Another big community is fan fiction. They are like modding, but for books, I think. I don't know if a lot of fan fiction is lost to bit rot and link rot either. What is on AO3 will probably endure, but a lot might have gone missing when communities fandom moved from livejournal to tumblr to twitter, or when blogs moved from Wordpress to Medium to Substack.
I have identified some risk factors:
Personal home pages made from static HTML can stay up for while if the owner meticulously catalogues and links to all their writing on other sites, and if the site covers a variety of interests and topics.
Personal blogs or content management systems are likely to lose content in a software upgrade or migration to a different host.
Writing is more likely to me lost when it's for-pay writing for a smaller for-profit outlet.
A cause for sudden "mass extinction" of content is the move between social networks, or the death of a whole platform. Links to MySpace, Google+, Diaspora, and LiveJournal give me mostly or entirely 404 pages.
In the gaming space, career changes or business closures often mean old content gets deleted. If an indie game is wildly successful, the intellectual property might ge acquired. If it flops, the domain will lapse. When development is finished, maybe the devlog is deleted. When somebody reviews games at first on Steam, then on a blog, and then for a big gaming mag, the Steam reviews might stay up, but the personal site is much more likely to get cleaned up. The same goes for blogging in general, and academia. The most stable kind of content is after hours hobbyist writing by somebody who has a stable and high-paying job outside of media, academia, or journalism.
The biggest risk factor for targeted deletion is controversy.
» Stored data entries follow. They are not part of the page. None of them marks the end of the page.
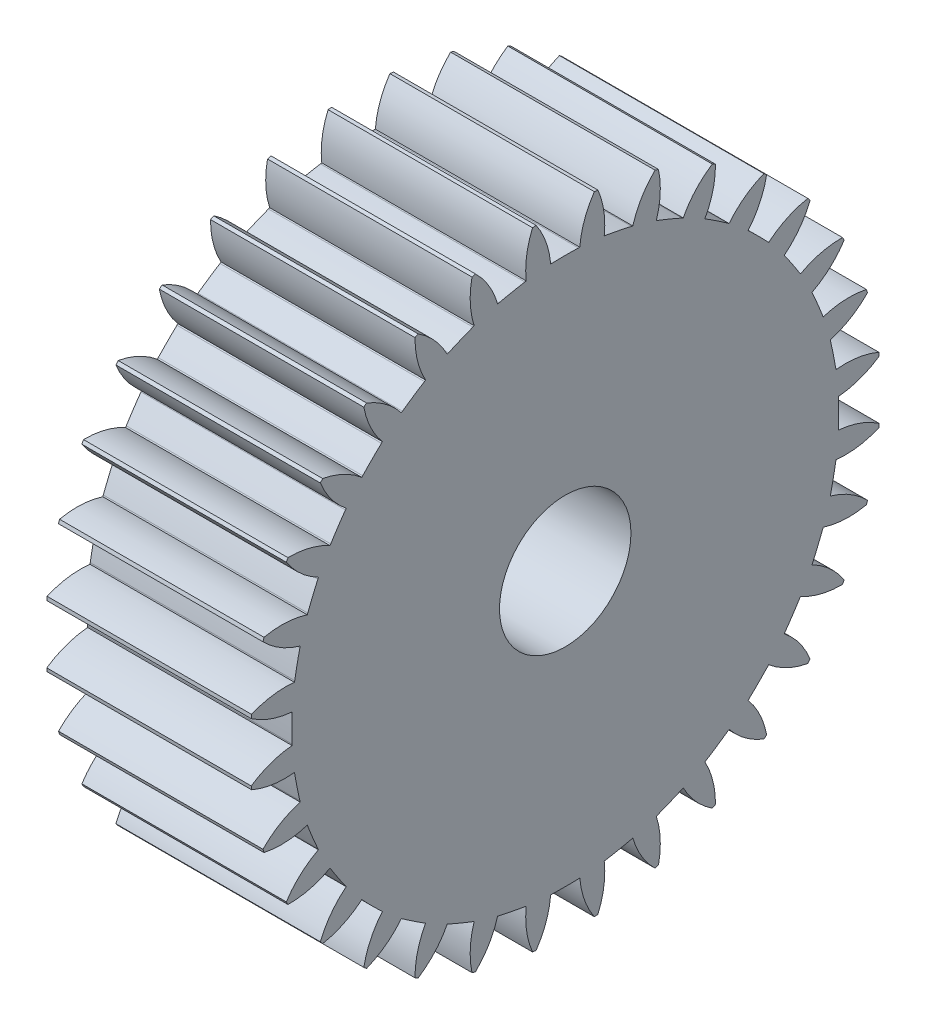
SolidWorks part; units mm, degrees
ref_plane "Front Plane" through (0, 0, 0) normal (0, 0, 1) x (1, 0, 0)
ref_plane "Top Plane" through (0, 0, 0) normal (0, 1, 0) x (1, 0, 0)
ref_plane "Right Plane" through (0, 0, 0) normal (1, 0, 0) x (0, 0, -1)
sketch "Sketch1" plane through (0, 0, 0) normal (1, 0, 0) x (0, 0, -1)
  circle A0 centre (0, 0) radius 107.95
  dimension "D1" = 215.9
extrude "Boss-Extrude1" add sketch "Sketch1" along normal mid plane 70
sketch "Sketch6" plane through (35, 0, 0) normal (1, 0, 0) x (0, 0, -1)
  circle A0 centre (0, 0) radius 22.5
  dimension "D1" = 45
extrude "Cut-Extrude4" cut sketch "Sketch6" against normal through all
sketch "Sketch7" plane through (35, 0, 0) normal (1, 0, 0) x (0, 0, -1)
  line L0 (0, 0) -> (0, 187.3) construction
  line L1 (0, 93.65) -> (-4.985, 93.5172)
  line L2 (0, 93.65) -> (4.985, 93.5172)
  line L3 (-9.975, 107.4881) -> (0, 118.9322)
  line L4 (9.975, 107.4881) -> (0, 118.9322)
  circle A0 centre (0, 0) radius 93.65 construction
  circle A1 centre (0, 0) radius 101.6 construction
  arc A2 (-4.985, 93.5172) -> (-9.975, 107.4881) centre (-33.831, 91.0909) ccw
  circle A3 centre (0, 0) radius 107.95 construction
  arc A4 (4.985, 93.5172) -> (9.975, 107.4881) centre (33.831, 91.0909) cw
  dimension "D1" = 203.2
  dimension "D2" = 187.3
  dimension "D3" = 4.99
  dimension "D4" = 19.95
extrude "Cut-Extrude5" cut sketch "Sketch7" against normal through all
fillet "Fillet1" radius 170 1 edges at (0, 93.65, 0)
pattern_circular "CirPattern1" count 32 over 360 about axis through (35, 0, 0) along (1, 0, 0) of "Fillet1", "Cut-Extrude5"

Controversial, highly-discussed and disseminated posts are more likely to be deleted than purely informative ones, and their deletion is more likely to be noticed. If somebody starts a discussion, and then later there are hundreds of links all pointing back to the start, the deletion will hurt more and be more noticeable. The most at-risk posts are those that are supposed to be controversial within a small group, but go viral outside it, or the posts that are controversial within a small group, but then the author says something about politics that draws the attention of the Internet at large to their other writings.
The second biggest risk factor for deletion is probably usefulness combined with hosting costs. This could also be the streetlight effect at work, like in the paragraph above, but the more traffic something gets, the higher the hosting costs. Certain types of content are either hard to monetise, and cost a lot of money, or they can be monetised, so the free version is deliberately deleted.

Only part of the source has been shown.